# Insignia with CD 400 usb doesnt work



## nuclearcodes (Jun 3, 2010)

Hi i bought an insignia just a few days a go. The car has cd 400 audio system and no navigation. I was very excited about the usb port and the ability to play directly mp3 files directly from flash disc. But when i attach a flash disc this first mp3 starts to play but after 2-3 sec the audio swich to cd or FM band. I am very confused about it. The booklet says that the format must be FAT32 and mp3 count should be less than 1000. These conditions ara ok but still got no result. Do you have any idea about the solution. Thank you....


----------



## jaggerwild (May 21, 2007)

nuclearcodes said:


> Hi i bought an insignia just a few days a go. The car has cd 400 audio system and no navigation. I was very excited about the usb port and the ability to play directly mp3 files directly from flash disc.
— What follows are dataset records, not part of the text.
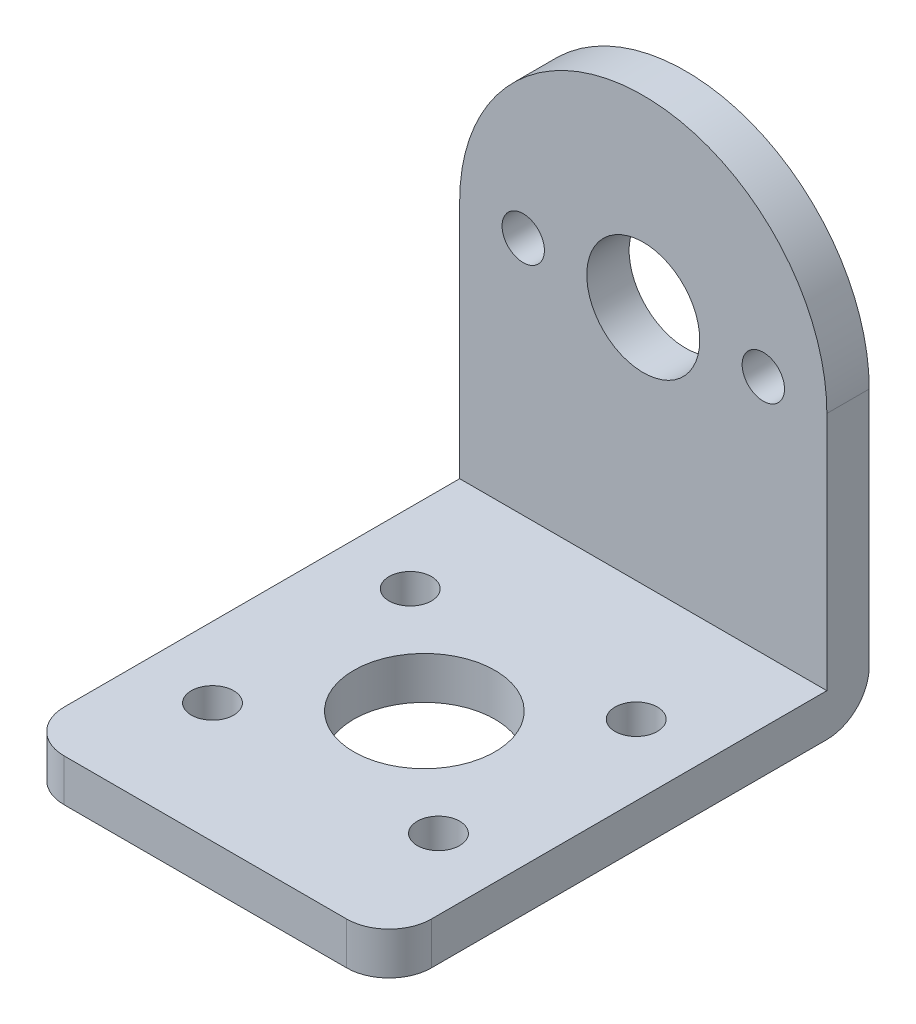
ISO-10303-21;
HEADER;
FILE_DESCRIPTION(('STEP AP214'),'2;1');
FILE_NAME('part.step','',(''),(''),'','','');
FILE_SCHEMA(('AUTOMOTIVE_DESIGN { 1 0 10303 214 1 1 1 1 }'));
ENDSEC;
DATA;
#1=APPLICATION_CONTEXT('core data for automotive mechanical design processes');
#2=APPLICATION_PROTOCOL_DEFINITION('international standard','automotive_design',2000,#1);
#3=PRODUCT_CONTEXT('',#1,'mechanical');
#4=PRODUCT('Part','Part','',(#3));
#5=PRODUCT_RELATED_PRODUCT_CATEGORY('part','',(#4));
#6=PRODUCT_DEFINITION_FORMATION('','',#4);
#7=PRODUCT_DEFINITION_CONTEXT('part definition',#1,'design');
#8=PRODUCT_DEFINITION('design','',#6,#7);
#9=PRODUCT_DEFINITION_SHAPE('','',#8);
#10=(LENGTH_UNIT() NAMED_UNIT(*) SI_UNIT(.MILLI.,.METRE.));
#11=(NAMED_UNIT(*) PLANE_ANGLE_UNIT() SI_UNIT($,.RADIAN.));
#12=(NAMED_UNIT(*) SI_UNIT($,.STERADIAN.) SOLID_ANGLE_UNIT());
#13=UNCERTAINTY_MEASURE_WITH_UNIT(LENGTH_MEASURE(1.E-05),#10,'distance_accuracy_value','');
#14=(GEOMETRIC_REPRESENTATION_CONTEXT(3) GLOBAL_UNCERTAINTY_ASSIGNED_CONTEXT((#13)) GLOBAL_UNIT_ASSIGNED_CONTEXT((#10,
#11,#12)) REPRESENTATION_CONTEXT('',''));
#15=CARTESIAN_POINT('',(0.,0.,0.));
#16=DIRECTION('',(0.,0.,1.));
#17=DIRECTION('',(1.,0.,0.));
#18=AXIS2_PLACEMENT_3D('',#15,#16,#17);
#19=CARTESIAN_POINT('',(0.,20.,3.));
#20=DIRECTION('',(0.,0.,1.));
#21=DIRECTION('',(1.,0.,0.));
#22=AXIS2_PLACEMENT_3D('',#19,#20,#21);
#23=PLANE('',#22);
#24=DIRECTION('',(-1.,0.,0.));
#25=VECTOR('',#24,1.);
#26=CARTESIAN_POINT('',(13.,3.,3.));
#27=LINE('',#26,#25);
#28=CARTESIAN_POINT('',(13.,3.,3.));
#29=VERTEX_POINT('',#28);
#30=CARTESIAN_POINT('',(-13.,3.,3.));
#31=VERTEX_POINT('',#30);
#32=EDGE_CURVE('E128',#29,#31,#27,.T.);
#33=ORIENTED_EDGE('',*,*,#32,.F.);
#34=DIRECTION('',(0.,1.,0.));
#35=VECTOR('',#34,1.);
#36=CARTESIAN_POINT('',(13.,0.,3.));
#37=LINE('',#36,#35);
#38=CARTESIAN_POINT('',(13.,20.,3.));
#39=VERTEX_POINT('',#38);
#40=EDGE_CURVE('E134',#29,#39,#37,.T.);
#41=ORIENTED_EDGE('',*,*,#40,.T.);
#42=CARTESIAN_POINT('',(0.,20.,3.));
#43=DIRECTION('',(0.,0.,1.));
#44=DIRECTION('',(1.,0.,0.));
#45=AXIS2_PLACEMENT_3D('',#42,#43,#44);
#46=CIRCLE('',#45,13.);
#47=CARTESIAN_POINT('',(-13.,20.,3.));
#48=VERTEX_POINT('',#47);
#49=EDGE_CURVE('E131',#39,#48,#46,.T.);
#50=ORIENTED_EDGE('',*,*,#49,.T.);
#51=DIRECTION('',(0.,-1.,0.));
#52=VECTOR('',#51,1.);
#53=CARTESIAN_POINT('',(-13.,20.,3.));
#54=LINE('',#53,#52);
#55=EDGE_CURVE('E114',#48,#31,#54,.T.);
#56=ORIENTED_EDGE('',*,*,#55,.T.);
#57=EDGE_LOOP('',(#33,#41,#50,#56));
#58=FACE_BOUND('',#57,.T.);
#59=CARTESIAN_POINT('',(-8.5,20.,3.));
#60=DIRECTION('',(0.,0.,1.));
#61=DIRECTION('',(1.,0.,0.));
#62=AXIS2_PLACEMENT_3D('',#59,#60,#61);
#63=CIRCLE('',#62,1.5);
#64=CARTESIAN_POINT('',(-7.,20.,3.));
#65=VERTEX_POINT('',#64);
#66=EDGE_CURVE('E163',#65,#65,#63,.T.);
#67=ORIENTED_EDGE('',*,*,#66,.F.);
#68=EDGE_LOOP('',(#67));
#69=FACE_BOUND('',#68,.T.);
#70=CARTESIAN_POINT('',(0.,20.,3.));
#71=DIRECTION('',(0.,0.,1.));
#72=DIRECTION('',(1.,0.,0.));
#73=AXIS2_PLACEMENT_3D('',#70,#71,#72);
#74=CIRCLE('',#73,4.);
#75=CARTESIAN_POINT('',(4.,20.,3.));
#76=VERTEX_POINT('',#75);
#77=EDGE_CURVE('E171',#76,#76,#74,.T.);
#78=ORIENTED_EDGE('',*,*,#77,.F.);
#79=EDGE_LOOP('',(#78));
#80=FACE_BOUND('',#79,.T.);
#81=CARTESIAN_POINT('',(8.5,20.,3.));
#82=DIRECTION('',(0.,0.,1.));
#83=DIRECTION('',(1.,0.,0.));
#84=AXIS2_PLACEMENT_3D('',#81,#82,#83);
#85=CIRCLE('',#84,1.5);
#86=CARTESIAN_POINT('',(10.,20.,3.));
#87=VERTEX_POINT('',#86);
#88=EDGE_CURVE('E155',#87,#87,#85,.T.);
#89=ORIENTED_EDGE('',*,*,#88,.F.);
#90=EDGE_LOOP('',(#89));
#91=FACE_BOUND('',#90,.T.);
#92=ADVANCED_FACE('F39',(#58,#69,#80,#91),#23,.T.);
#93=CARTESIAN_POINT('',(0.,20.,0.));
#94=DIRECTION('',(0.,0.,1.));
#95=DIRECTION('',(1.,0.,0.));
#96=AXIS2_PLACEMENT_3D('',#93,#94,#95);
#97=PLANE('',#96);
#98=DIRECTION('',(0.,1.,0.));
#99=VECTOR('',#98,1.);
#100=CARTESIAN_POINT('',(13.,0.,0.));
#101=LINE('',#100,#99);
#102=CARTESIAN_POINT('',(13.,3.,0.));
#103=VERTEX_POINT('',#102);
#104=CARTESIAN_POINT('',(13.,20.,0.));
#105=VERTEX_POINT('',#104);
#106=EDGE_CURVE('E186',#103,#105,#101,.T.);
#107=ORIENTED_EDGE('',*,*,#106,.F.);
#108=DIRECTION('',(1.,0.,0.));
#109=VECTOR('',#108,1.);
#110=CARTESIAN_POINT('',(0.,3.,0.));
#111=LINE('',#110,#109);
#112=CARTESIAN_POINT('',(-13.,3.00000000000001,0.));
#113=VERTEX_POINT('',#112);
#114=EDGE_CURVE('E48',#103,#113,#111,.F.);
#115=ORIENTED_EDGE('',*,*,#114,.T.);
#116=DIRECTION('',(0.,-1.,0.));
#117=VECTOR('',#116,1.);
#118=CARTESIAN_POINT('',(-13.,20.,0.));
#119=LINE('',#118,#117);
#120=CARTESIAN_POINT('',(-13.,20.,0.));
#121=VERTEX_POINT('',#120);
#122=EDGE_CURVE('E175',#121,#113,#119,.T.);
#123=ORIENTED_EDGE('',*,*,#122,.F.);
#124=CARTESIAN_POINT('',(0.,20.,0.));
#125=DIRECTION('',(0.,0.,1.));
#126=DIRECTION('',(1.,0.,0.));
#127=AXIS2_PLACEMENT_3D('',#124,#125,#126);
#128=CIRCLE('',#127,13.);
#129=EDGE_CURVE('E135',#105,#121,#128,.T.);
#130=ORIENTED_EDGE('',*,*,#129,.F.);
#131=EDGE_LOOP('',(#107,#115,#123,#130));
#132=FACE_BOUND('',#131,.T.);
#133=CARTESIAN_POINT('',(0.,20.,0.));
#134=DIRECTION('',(0.,0.,1.));
#135=DIRECTION('',(1.,0.,0.));
#136=AXIS2_PLACEMENT_3D('',#133,#134,#135);
#137=CIRCLE('',#136,4.);
#138=CARTESIAN_POINT('',(4.,20.,0.));
#139=VERTEX_POINT('',#138);
#140=EDGE_CURVE('E167',#139,#139,#137,.T.);
#141=ORIENTED_EDGE('',*,*,#140,.T.);
#142=EDGE_LOOP('',(#141));
#143=FACE_BOUND('',#142,.T.);
#144=CARTESIAN_POINT('',(-8.5,20.,0.));
#145=DIRECTION('',(0.,0.,1.));
#146=DIRECTION('',(1.,0.,0.));
#147=AXIS2_PLACEMENT_3D('',#144,#145,#146);
#148=CIRCLE('',#147,1.5);
#149=CARTESIAN_POINT('',(-7.,20.,0.));
#150=VERTEX_POINT('',#149);
#151=EDGE_CURVE('E159',#150,#150,#148,.T.);
#152=ORIENTED_EDGE('',*,*,#151,.T.);
#153=EDGE_LOOP('',(#152));
#154=FACE_BOUND('',#153,.T.);
#155=CARTESIAN_POINT('',(8.5,20.,0.));
#156=DIRECTION('',(0.,0.,1.));
#157=DIRECTION('',(1.,0.,0.));
#158=AXIS2_PLACEMENT_3D('',#155,#156,#157);
#159=CIRCLE('',#158,1.5);
#160=CARTESIAN_POINT('',(10.,20.,0.));
#161=VERTEX_POINT('',#160);
#162=EDGE_CURVE('E154',#161,#161,#159,.T.);
#163=ORIENTED_EDGE('',*,*,#162,.T.);
#164=EDGE_LOOP('',(#163));
#165=FACE_BOUND('',#164,.T.);
#166=ADVANCED_FACE('F264',(#132,#143,#154,#165),#97,.F.);
#167=CARTESIAN_POINT('',(-13.,20.,3.));
#168=DIRECTION('',(1.,0.,0.));
#169=DIRECTION('',(0.,1.,0.));
#170=AXIS2_PLACEMENT_3D('',#167,#168,#169);
#171=PLANE('',#170);
#172=ORIENTED_EDGE('',*,*,#122,.T.);
#173=CARTESIAN_POINT('',(-13.,3.,3.));
#174=DIRECTION('',(1.,0.,0.));
#175=DIRECTION('',(0.,1.,0.));
#176=AXIS2_PLACEMENT_3D('',#173,#174,#175);
#177=CIRCLE('',#176,3.);
#178=CARTESIAN_POINT('',(-13.,0.,3.));
#179=VERTEX_POINT('',#178);
#180=EDGE_CURVE('E11',#113,#179,#177,.F.);
#181=ORIENTED_EDGE('',*,*,#180,.T.);
#182=DIRECTION('',(0.,0.,-1.));
#183=VECTOR('',#182,1.);
#184=CARTESIAN_POINT('',(-13.,0.,3.));
#185=LINE('',#184,#183);
#186=CARTESIAN_POINT('',(-13.,0.,31.));
#187=VERTEX_POINT('',#186);
#188=EDGE_CURVE('E200',#187,#179,#185,.T.);
#189=ORIENTED_EDGE('',*,*,#188,.F.);
#190=DIRECTION('',(0.,-1.,0.));
#191=VECTOR('',#190,1.);
#192=CARTESIAN_POINT('',(-13.,3.,31.));
#193=LINE('',#192,#191);
#194=CARTESIAN_POINT('',(-13.,3.,31.));
#195=VERTEX_POINT('',#194);
#196=EDGE_CURVE('E117',#187,#195,#193,.F.);
#197=ORIENTED_EDGE('',*,*,#196,.T.);
#198=DIRECTION('',(0.,0.,-1.));
#199=VECTOR('',#198,1.);
#200=CARTESIAN_POINT('',(-13.,3.,34.));
#201=LINE('',#200,#199);
#202=EDGE_CURVE('E110',#195,#31,#201,.T.);
#203=ORIENTED_EDGE('',*,*,#202,.T.);
#204=ORIENTED_EDGE('',*,*,#55,.F.);
#205=DIRECTION('',(0.,0.,-1.));
#206=VECTOR('',#205,1.);
#207=CARTESIAN_POINT('',(-13.,20.,3.));
#208=LINE('',#207,#206);
#209=EDGE_CURVE('E183',#48,#121,#208,.T.);
#210=ORIENTED_EDGE('',*,*,#209,.T.);
#211=EDGE_LOOP('',(#172,#181,#189,#197,#203,#204,#210));
#212=FACE_BOUND('',#211,.T.);
#213=ADVANCED_FACE('F112',(#212),#171,.F.);
#214=CARTESIAN_POINT('',(-13.,0.,3.));
#215=DIRECTION('',(0.,1.,0.));
#216=DIRECTION('',(-1.,0.,0.));
#217=AXIS2_PLACEMENT_3D('',#214,#215,#216);
#218=PLANE('',#217);
#219=CARTESIAN_POINT('',(-8.,0.,25.5));
#220=DIRECTION('',(0.,1.,0.));
#221=DIRECTION('',(-1.,0.,0.));
#222=AXIS2_PLACEMENT_3D('',#219,#220,#221);
#223=CIRCLE('',#222,1.5);
#224=CARTESIAN_POINT('',(-9.5,0.,25.5));
#225=VERTEX_POINT('',#224);
#226=EDGE_CURVE('E439',#225,#225,#223,.T.);
#227=ORIENTED_EDGE('',*,*,#226,.T.);
#228=EDGE_LOOP('',(#227));
#229=FACE_BOUND('',#228,.T.);
#230=CARTESIAN_POINT('',(8.,0.,25.5));
#231=DIRECTION('',(0.,1.,0.));
#232=DIRECTION('',(-1.,0.,0.));
#233=AXIS2_PLACEMENT_3D('',#230,#231,#232);
#234=CIRCLE('',#233,1.5);
#235=CARTESIAN_POINT('',(6.5,0.,25.5));
#236=VERTEX_POINT('',#235);
#237=EDGE_CURVE('E473',#236,#236,#234,.T.);
#238=ORIENTED_EDGE('',*,*,#237,.T.);
#239=EDGE_LOOP('',(#238));
#240=FACE_BOUND('',#239,.T.);
#241=CARTESIAN_POINT('',(8.,0.,11.5));
#242=DIRECTION('',(0.,1.,0.));
#243=DIRECTION('',(-1.,0.,0.));
#244=AXIS2_PLACEMENT_3D('',#241,#242,#243);
#245=CIRCLE('',#244,1.5);
#246=CARTESIAN_POINT('',(6.5,0.,11.5));
#247=VERTEX_POINT('',#246);
#248=EDGE_CURVE('E463',#247,#247,#245,.T.);
#249=ORIENTED_EDGE('',*,*,#248,.T.);
#250=EDGE_LOOP('',(#249));
#251=FACE_BOUND('',#250,.T.);
#252=CARTESIAN_POINT('',(-8.,0.,11.5));
#253=DIRECTION('',(0.,1.,0.));
#254=DIRECTION('',(-1.,0.,0.));
#255=AXIS2_PLACEMENT_3D('',#252,#253,#254);
#256=CIRCLE('',#255,1.5);
#257=CARTESIAN_POINT('',(-9.5,0.,11.5));
#258=VERTEX_POINT('',#257);
#259=EDGE_CURVE('E452',#258,#258,#256,.T.);
#260=ORIENTED_EDGE('',*,*,#259,.T.);
#261=EDGE_LOOP('',(#260));
#262=FACE_BOUND('',#261,.T.);
#263=CARTESIAN_POINT('',(0.,0.,18.5));
#264=DIRECTION('',(0.,1.,0.));
#265=DIRECTION('',(-1.,0.,0.));
#266=AXIS2_PLACEMENT_3D('',#263,#264,#265);
#267=CIRCLE('',#266,5.);
#268=CARTESIAN_POINT('',(-5.,0.,18.5));
#269=VERTEX_POINT('',#268);
#270=EDGE_CURVE('E141',#269,#269,#267,.T.);
#271=ORIENTED_EDGE('',*,*,#270,.T.);
#272=EDGE_LOOP('',(#271));
#273=FACE_BOUND('',#272,.T.);
#274=ORIENTED_EDGE('',*,*,#188,.T.);
#275=DIRECTION('',(1.,0.,0.));
#276=VECTOR('',#275,1.);
#277=CARTESIAN_POINT('',(-13.,0.,3.));
#278=LINE('',#277,#276);
#279=CARTESIAN_POINT('',(13.,0.,3.));
#280=VERTEX_POINT('',#279);
#281=EDGE_CURVE('E229',#179,#280,#278,.T.);
#282=ORIENTED_EDGE('',*,*,#281,.T.);
#283=DIRECTION('',(0.,0.,-1.));
#284=VECTOR('',#283,1.);
#285=CARTESIAN_POINT('',(13.,0.,3.));
#286=LINE('',#285,#284);
#287=CARTESIAN_POINT('',(13.,0.,31.));
#288=VERTEX_POINT('',#287);
#289=EDGE_CURVE('E197',#288,#280,#286,.T.);
#290=ORIENTED_EDGE('',*,*,#289,.F.);
#291=CARTESIAN_POINT('',(10.,0.,31.));
#292=DIRECTION('',(0.,1.,0.));
#293=DIRECTION('',(-1.,0.,0.));
#294=AXIS2_PLACEMENT_3D('',#291,#292,#293);
#295=CIRCLE('',#294,3.);
#296=CARTESIAN_POINT('',(9.99999999999999,0.,34.));
#297=VERTEX_POINT('',#296);
#298=EDGE_CURVE('E212',#288,#297,#295,.F.);
#299=ORIENTED_EDGE('',*,*,#298,.T.);
#300=DIRECTION('',(1.,0.,0.));
#301=VECTOR('',#300,1.);
#302=CARTESIAN_POINT('',(-13.,0.,34.));
#303=LINE('',#302,#301);
#304=CARTESIAN_POINT('',(-10.,0.,34.));
#305=VERTEX_POINT('',#304);
#306=EDGE_CURVE('E140',#305,#297,#303,.T.);
#307=ORIENTED_EDGE('',*,*,#306,.F.);
#308=CARTESIAN_POINT('',(-10.,0.,31.));
#309=DIRECTION('',(0.,1.,0.));
#310=DIRECTION('',(-1.,0.,0.));
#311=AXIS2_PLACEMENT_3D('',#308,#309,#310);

But when i attach a flash disc this first mp3 starts to play but after 2-3 sec the audio swich to cd or FM band. I am very confused about it. The booklet says that the format must be FAT32 and mp3 count should be less than 1000. These conditions ara ok but still got no result. Do you have any idea about the solution. Thank you....


I know nothing about there radios, if you left there and it didn't work go back! If they can't make it work ask for a refund!


----------